Python newbie here. Python 2.7 with beautifulsoup 4.
I am trying to get parse a webpage to get columns using BeautifulSoup. The webpage has tables inside tables; but table 4 is the one that I want, it does not have any headers or th tag. I want to get the data into column.
from bs4 import BeautifulSoup
import urllib2
url = 'http://finance.yahoo.com/q/op?s=aapl+Options'
htmltext = urllib2.urlopen(url).read()
soup = BeautifulSoup(htmltext)
#Table 8 has the data needed; it is nested under other tables though
# specific reference works as below:
print soup.findAll('table')[8].findAll('tr')[2].findAll('td')[2].contents
# Below loop erros out:
for row in soup.findAll('table')[8].findAll('tr'):
column2 = row.findAll('td')[2].contents
print column2
# "Index error: list index out of range" is what I get on second line of for loop.

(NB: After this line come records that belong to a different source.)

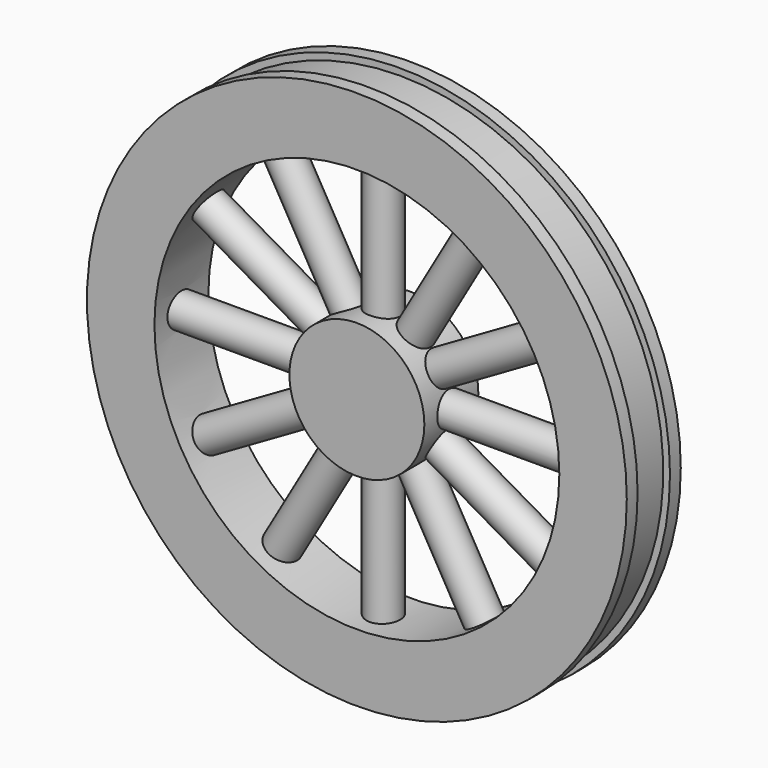
from build123d import *

# Parameters (mm, degrees)
F0_R            = 20
F1_DEPTH        = 5
F2_R            = 15
F3_DEPTH        = 5
F4_R            = 5
F5_DEPTH        = 5
F6_R            = 1.25
F7_DEPTH        = 19
F7_COPIES_COUNT = 12
F8_W            = 3
F8_H            = 0.5


# Not quite as in the source:
# - a pattern or mirror of a feature is missing from the dataset's text; its kind, count and spacing are read off the source's solid


with BuildPart() as f1:
    # F0 (on Front) → F1 (new body)
    with BuildSketch(Plane.XZ):
        Circle(F0_R)
    extrude(amount=F1_DEPTH)

    # F2 (on face) → F3 (cut)
    with BuildSketch(Plane.XZ.offset(5)):
        Circle(F2_R)
    extrude(amount=-F3_DEPTH, mode=Mode.SUBTRACT)



with BuildPart() as f5:
    # F4 (on Front) → F5 (new body)
    with BuildSketch(Plane.XZ):
        Circle(F4_R)
    extrude(amount=F5_DEPTH)


with BuildPart() as f1_1:
    add(f1.part)

    add(f5.part)  # F7 merges F5
    # F6 (on Right) → F7 (join)
    with BuildSketch(Plane.YZ):
        with Locations((-2.5505366686, 0)):
            Circle(F6_R)
    f7 = extrude(amount=F7_DEPTH)

    # F7_copies: F7 ×12 about axis
    f7_copies_axis = Axis((0, 0, 0), (0, 1, 0))
    for i in range(1, F7_COPIES_COUNT):
        add(f7.rotate(f7_copies_axis, i * 360 / F7_COPIES_COUNT))

    # F8 (on Right) → F9 (revolve, cut)
    with BuildSketch(Plane.YZ):
        with Locations((-2.5, 19.75)):
            Rectangle(F8_W, F8_H)
    revolve(axis=Axis((0, 0, 0), (0, 1, 0)), mode=Mode.SUBTRACT)


solid = f1_1.part

I saw this as a working solution in another example but didnt work for me. Also tried iterating around tr:
mytr = soup.findAll('table')[8].findAll('tr')
for row in mytr:
print row.find('td') #works but gives only first td as expected
print row.findAll('td')[2]
which gives an error that row is a list which is out of index.
So:
- First findAll('table') - works
- second findAll('tr') - works
- third findAll('td') - works only if ALL [ ] are numbers and not variables.
e.g.
print soup.findAll('table')[8].findAll('tr')[2].findAll('td')[2].contents
Above works as it is specific reference but not through variables. But I need it inside a loop to get full column.